Anyone see one like this before? I shot it this past fall. The guy I was hunting with said that he shot one like it the year before in the same area.


----------



## Rick Acker (Sep 26, 2002)

You mean like this? 








Orange phase rooster. I see more and more of them every year! With lot's of people releasing birds, mixing with the wild birds...[/img]


----------



## swany25 (Sep 3, 2005)

Wow sweet mount! I thought about mounting mine but I shot the heck out of the neck.


----------



## Triple B (Mar 9, 2004)

yeah, with more releasing of birds lately, i'd say its a released buff mutant strain of a ring-necked pheasant.


----------



## KEN W (Feb 22, 2002)

My brother shot one of those a couple years ago.It was a beautifull all gold instead of orange.There was no red on it at all.All red feathers were gold instead.He has it mounted in his office.


----------



## Rick Acker (Sep 26, 2002)

Ken, you mean like this?








I do A LOT of pheasants for people and I've seen just about every color phase around.
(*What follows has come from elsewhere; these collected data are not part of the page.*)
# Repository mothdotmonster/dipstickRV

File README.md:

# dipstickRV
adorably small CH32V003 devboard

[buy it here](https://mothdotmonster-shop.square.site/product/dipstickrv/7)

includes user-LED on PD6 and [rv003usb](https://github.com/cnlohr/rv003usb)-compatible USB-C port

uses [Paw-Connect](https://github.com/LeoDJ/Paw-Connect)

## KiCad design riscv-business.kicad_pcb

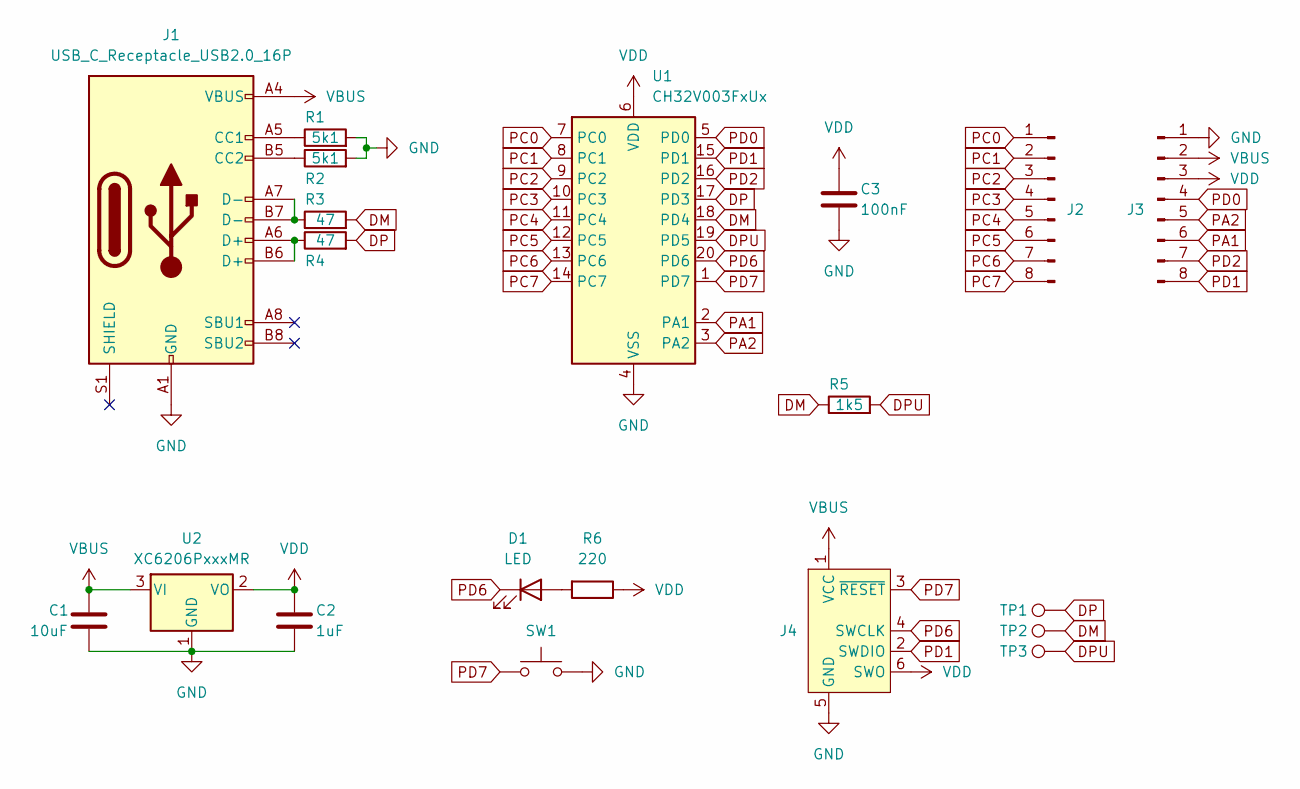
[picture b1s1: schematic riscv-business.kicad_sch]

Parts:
C1: 10uF; C_0402_1005Metric; JLC C15525
C2: 1uF; C_0402_1005Metric; JLC C52923
C3: 100nF; C_0402_1005Metric; JLC C1525
D1: LED; LED_0603_1608Metric; JLC C2286
J1: USB_C_Receptacle_USB2.0_16P; USB_C_Receptacle_HCTL_HC-TYPE-C-16P-01A; JLC C2765186
J2, J3: Conn_01x08_Pin; PinHeader_1x08_P2.54mm_Vertical
J4: Conn_ARM_SWD_TagConnect_TC2030-NL; Paw-Connect_RevA_TC2030-IDC-NL_2x03_P1.27mm_Vertical
R1, R2: 5k1; R_0402_1005Metric; JLC C25905
R3, R4: 47; R_0402_1005Metric; JLC C25105
R5: 1k5; R_0402_1005Metric; JLC C25867
R6: 220; R_0402_1005Metric; JLC C25091
SW1: SW_Push; Panasonic-EVPAW-2x3mm; JLC C2858607
TP1, TP2, TP3: TestPoint; TestPoint_Pad_D1.0mm
U1: CH32V003FxUx; QFN-20-1EP_3x3mm_P0.4mm_EP1.65x1.65mm; JLC C5299908
U2: XC6206PxxxMR; SOT-23-3; JLC C5446

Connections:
DM: R3.2, R5.1, TP2.1, U1.18 (PD4)
DP: R4.2, TP1.1, U1.17 (PD3)
DPU: R5.2, TP3.1, U1.19 (PD5)
GND: C1.2, C2.2, C3.2, J1.A1 (GND), J1.A12 (GND), J1.B1 (GND), J1.B12 (GND), J3.1, J4.5 (GND), R1.2, R2.2, SW1.2, U1.4 (VSS), U1.21 (VSS), U2.1 (GND)
unnamed: D1.2 (A), R6.2
unnamed: J1.A5 (CC1), R1.1
unnamed: J1.B5 (CC2), R2.1
unnamed: J1.A6 (D+), J1.B6 (D+), R4.1
unnamed: J1.A7 (D-), J1.B7 (D-), R3.1
PA1: J3.6, U1.2 (PA1)
PA2: J3.5, U1.3 (PA2)
PC0: J2.1, U1.7 (PC0)
PC1: J2.2, U1.8 (PC1)
PC2: J2.3, U1.9 (PC2)
PC3: J2.4, U1.10 (PC3)
PC4: J2.5, U1.11 (PC4)
PC5: J2.6, U1.12 (PC5)
PC6: J2.7, U1.13 (PC6)
PC7: J2.8, U1.14 (PC7)
PD0: J3.4, U1.5 (PD0)
PD1: J3.8, J4.2 (SWDIO), U1.15 (PD1)
PD2: J3.7, U1.16 (PD2)
PD6: D1.1 (K), J4.4 (SWCLK), U1.20 (PD6)
PD7: J4.3 (~RESET), SW1.1, U1.1 (PD7)
VBUS: C1.1, J1.A4 (VBUS), J1.A9 (VBUS), J1.B4 (VBUS), J1.B9 (VBUS), J3.2, J4.1 (VCC), U2.3 (VI)
VDD: C2.1, C3.1, J3.3, J4.6 (SWO), R6.1, U1.6 (VDD), U2.2 (VO)

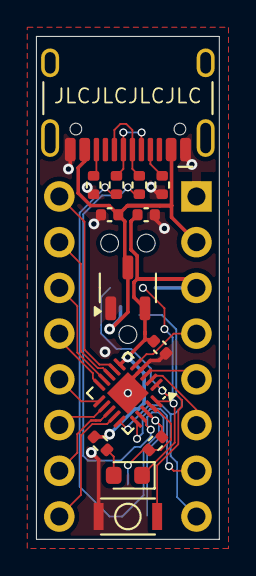
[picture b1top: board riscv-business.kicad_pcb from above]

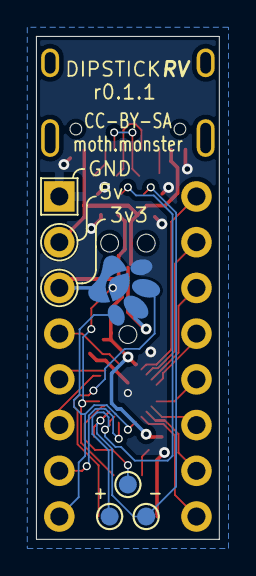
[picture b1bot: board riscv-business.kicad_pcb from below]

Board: 2 copper layers, 10.2 x 27.9 mm, 20 parts (6 on the bottom side), 26 nets.

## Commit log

2024-10-22 add license
2024-10-25 add nice pinout diagram

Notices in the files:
riscv-business.kicad_pcb:
CC-BY-SA
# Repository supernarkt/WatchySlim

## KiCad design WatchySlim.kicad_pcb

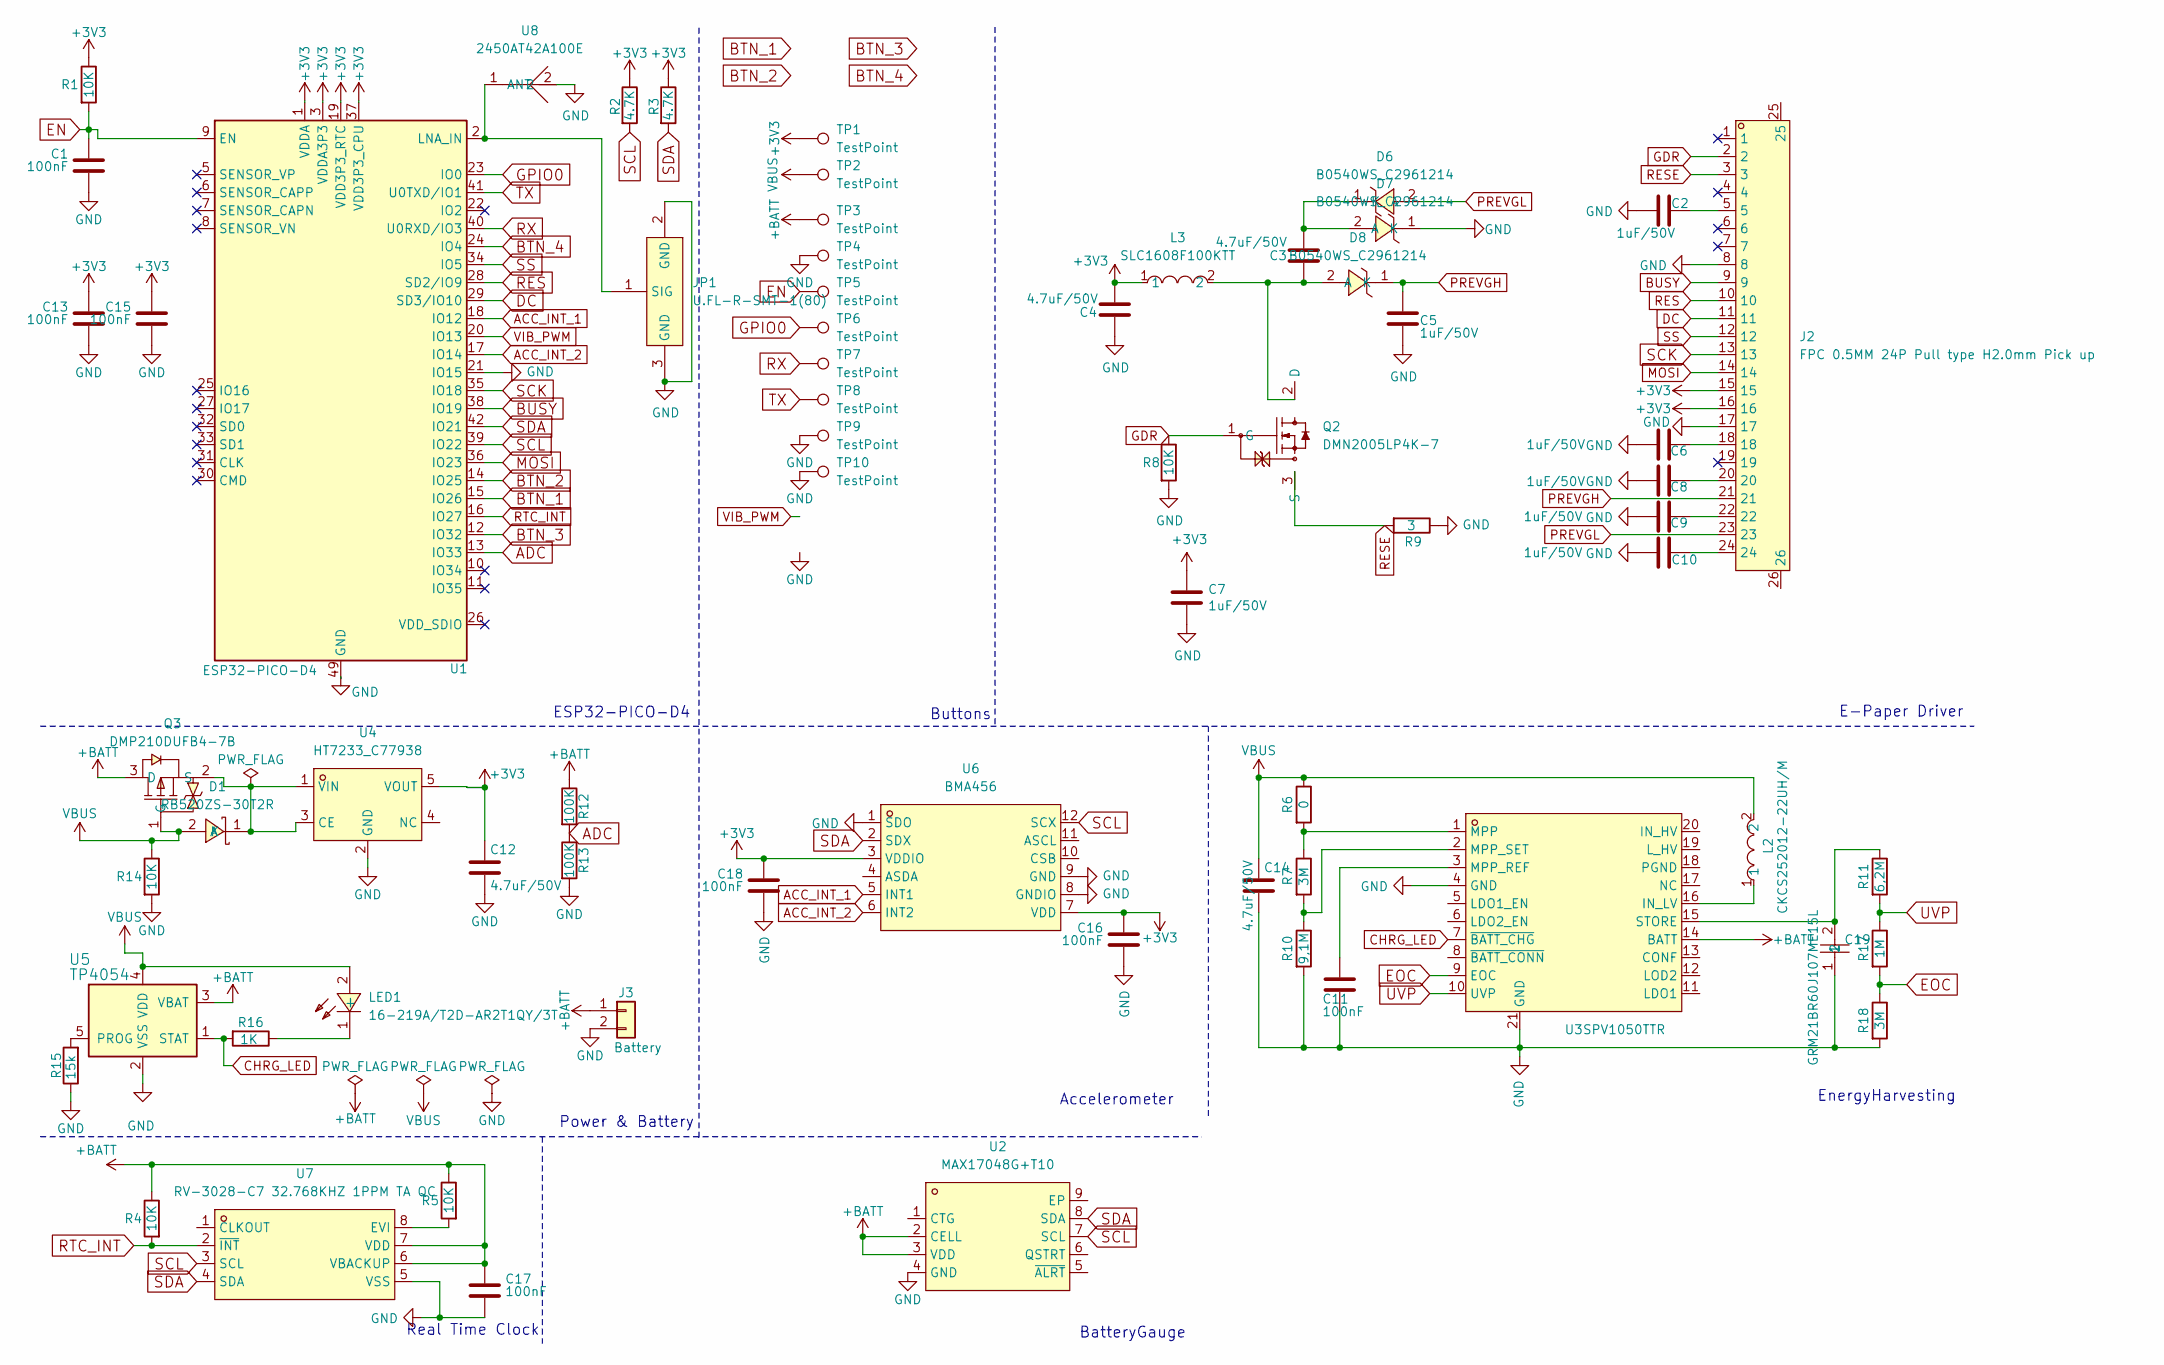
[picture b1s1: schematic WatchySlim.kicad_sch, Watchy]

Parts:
C1, C11, C13, C15, C16, C17, C18: 100nF; C_0402_1005Metric
C2, C5, C6, C7, C8, C9, C10: 1uF/50V; C_0402_1005Metric
C3, C12, C14: 4.7uF/50V; C_0402_1005Metric
C4: 4.7uF/50V; C_0805
C19: GRM21BR60J107ME15L; C0805; LCSC Part C141660
D1: RB520ZS-30T2R; SOD-962_L0.6-W0.3-RD; LCSC Part C129266
D6, D7, D8: B0540WS_C2961214; SOD-323_L1.7-W1.3-LS2.6-RD-1; LCSC Part C2961214
J2: FPC 0.5MM 24P Pull type H2.0mm Pick up; FPC-SMD_24P-L17.5-W5.4-P0.50; LCSC Part C11092
J3: Battery; L_Chilisin_BMRA00040420
JP1: U.FL-R-SMT-1(80); RF-SMD_FRF05002-JSS103M; LCSC Part C88374
L2: CKCS252012-22UH/M; IND-SMD_L2.5-W2.0; LCSC Part C354551
L3: SLC1608F100KTT; IND-SMD_L1.8-W1.2; LCSC Part C411908
LED1: 16-219A/T2D-AR2T1QY/3T; LED0402-R-RD; LCSC Part C74342
Q2: DMN2005LP4K-7; X2-DFN1006-3_L1.0-W0.6-P0.35-BL; LCSC Part C154746
Q3: DMP210DUFB4-7B; X2-DFN1006-3_L1.0-W0.6-BR; LCSC Part C443620
R1, R8, R14: 10K; R_0402
R2, R3: 4.7K; R_0402
R4, R5: 10K; C_0402_1005Metric
R6: 0; R_0402_1005Metric
R7, R18: 3M; R_0402_1005Metric
R9: 3; R_0402
R10: 9,1M; R_0402_1005Metric
R11: 6,2M; R_0402_1005Metric
R12: 100K; R_0402
R13: 100K; R_0402_1005Metric
R15: 15k; R_0402
R16: 1K; R_0402
R17: 1M; R_0402_1005Metric
TP1, TP2, TP3, TP4, TP5, TP6, TP7, TP8, TP9, TP10: TestPoint; TestPoint_THTPad_D1.0mm_Drill0.5mm
U1: ESP32-PICO-D4; QFN-48-1EP_7x7mm_Pitch0.5mm
U2: MAX17048G+T10; DFN-8_L2.0-W2.0-P0.50-BL-EP; LCSC Part C2682616
U3: SPV1050TTR; WQFN-20_L3.0-W3.0-P0.40-BL-EP1.7; LCSC Part C5181469
U4: HT7233_C77938; SOT-23-5_L3.0-W1.7-P0.95-LS2.8-BR; LCSC Part C77938
U5: TP4054; SOT-23-5
U6: BMA456; LGA-12_L2.0-W2.0-P0.50-BL; LCSC Part C189518
U7: RV-3028-C7 32.768KHZ 1PPM TA QC; OSC-SMD_8P-L3.2-W1.5-P0.90-BL; LCSC Part C3019759
U8: 2450AT42A100E; ANT-SMD_L5.0-W2.0; LCSC Part C2917719

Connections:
+3V3: C4.1, C7.1, C12.1, C13.1, C15.1, C16.1, C18.1, J2.15, J2.16, L3.1, R1.1, R2.1, R3.1, TP1.1, U1.1 (VDDA), U1.3 (VDDA3P3), U1.4 (VDDA3P3), U1.19 (VDD3P3_RTC), U1.37 (VDD3P3_CPU), U1.43 (VDDA), U1.46 (VDDA), U4.5 (VOUT), U6.3 (VDDIO), U6.7 (VDD)
+BATT: C17.1, J3.1, Q3.3 (D), R4.1, R5.1, R12.1, TP3.1, U2.2 (CELL), U2.3 (VDD), U3.14 (BATT), U5.3 (VBAT), U7.6 (VBACKUP), U7.7 (VDD)
ACC_INT_1: U1.18 (IO12), U6.5 (INT1)
ACC_INT_2: U1.17 (IO14), U6.6 (INT2)
ADC: R12.2, R13.1, U1.13 (IO33)
BTN_1: U1.15 (IO26)
BTN_2: U1.14 (IO25)
BTN_3: U1.12 (IO32)
BTN_4: U1.24 (IO4)
BUSY: J2.9, U1.38 (IO19)
CHRG_LED: R16.2, U3.7 (~BATT_CHG), U5.1 (STAT)
DC: J2.11, U1.29 (SD3/IO10)
EN: C1.1, R1.2, TP5.1, U1.9 (EN)
EOC: R17.2, R18.1, U3.9 (EOC)
GDR: J2.2, Q2.1 (G), R8.1
GND: C1.2, C2.2, C4.2, C5.2, C6.2, C7.2, C8.2, C9.2, C10.2, C11.2, C12.2, C13.2, C14.2, C15.2, C16.2, C17.2, C18.2, C19.1, D7.1 (K), J2.8, J2.17, J3.2, JP1.2 (GND), JP1.3 (GND), R8.2, R9.1, R10.2, R13.2, R14.2, R15.1, R18.2, TP4.1, TP9.1, TP10.1, U1.21 (IO15), U1.49 (GND), U2.4 (GND), U3.4 (GND), U3.21 (GND), U4.2 (GND), U5.2 (VSS), U6.1 (SDO), U6.8 (GNDIO), U6.9 (GND), U7.5 (VSS), U8.2
GPIO0: TP6.1, U1.23 (IO0)
MOSI: J2.14, U1.36 (IO23)
unnamed: C2.1, J2.5
unnamed: C6.1, J2.18
unnamed: C8.1, J2.20
unnamed: C9.1, J2.22
unnamed: C10.1, J2.24
unnamed: D1.1 (K), Q3.2 (S), U4.1 (VIN), U4.3 (CE)
unnamed: C3.1, D6.1 (K), D7.2 (A)
unnamed: C3.2, D8.2 (A), L3.2, Q2.2 (D)
unnamed: JP1.1 (SIG), U1.2 (LNA_IN), U8.1 (ANT)
unnamed: LED1.1 (-), R16.1
unnamed: L2.1, U3.16 (IN_LV)
unnamed: R6.2, R7.1, U3.1 (MPP)
unnamed: C11.1, U3.3 (MPP_REF)
unnamed: R7.2, R10.1, U3.2 (MPP_SET)
unnamed: C19.2, R11.1, U3.15 (STORE)
unnamed: R15.2, U5.5 (PROG)
unnamed: R5.2, U7.8 (EVI)
PREVGH: C5.1, D8.1 (K), J2.21
PREVGL: D6.2 (A), J2.23
RES: J2.10, U1.28 (SD2/IO9)
RESE: J2.3, Q2.3 (S), R9.2
RTC_INT: R4.2, U1.16 (IO27), U7.2 (~INT)
RX: TP7.1, U1.40 (U0RXD/IO3)
SCK: J2.13, U1.35 (IO18)
SCL: R2.2, U1.39 (IO22), U2.7 (SCL), U6.12 (SCX), U7.3 (SCL)
SDA: R3.2, U1.42 (IO21), U2.8 (SDA), U6.2 (SDX), U7.4 (SDA)
SS: J2.12, U1.34 (IO5)
TX: TP8.1, U1.41 (U0TXD/IO1)
UVP: R11.2, R17.1, U3.10 (UVP)
VBUS: C14.1, D1.2 (A), L2.2, LED1.2 (+), Q3.1 (G), R6.1, R14.1, TP2.1, U5.4 (VDD)
VIB_PWM: U1.20 (IO13)

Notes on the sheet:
E-Paper Driver
Real Time Clock
Accelerometer
BatteryGauge
Buttons
Power & Battery
ESP32-PICO-D4
EnergyHarvesting

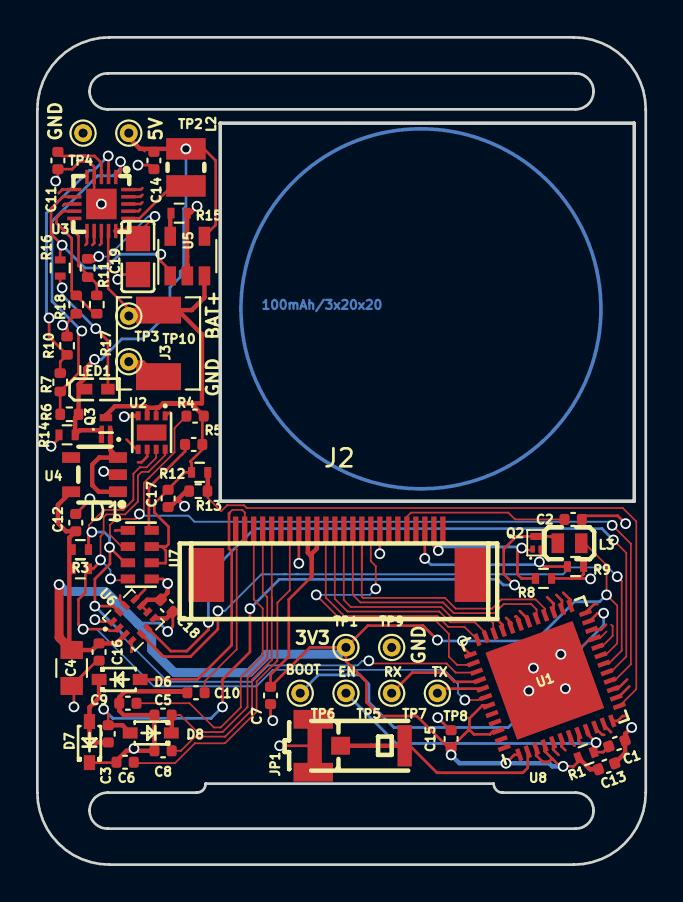
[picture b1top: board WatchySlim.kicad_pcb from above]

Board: 2 copper layers, 33.8 x 45.9 mm, 67 parts (0 on the bottom side), 44 nets.

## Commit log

2024-04-10 Init Commit WatchySlim

The YELLOW phase is a little more unique than the Orange![/img]


----------



## KEN W (Feb 22, 2002)

No....like the one above but gold instead of orange.

Rick....that one looks like a ghost.I've never seen one like that.


----------



## mnswd (Oct 13, 2005)

Great decoys - do they have a mojo pheasant


----------



## tgoldade (Jul 28, 2004)

while snow goose hunting earlier this year I saw a green one, no ring on the nect just lots of green. Pretty cool looking.


----------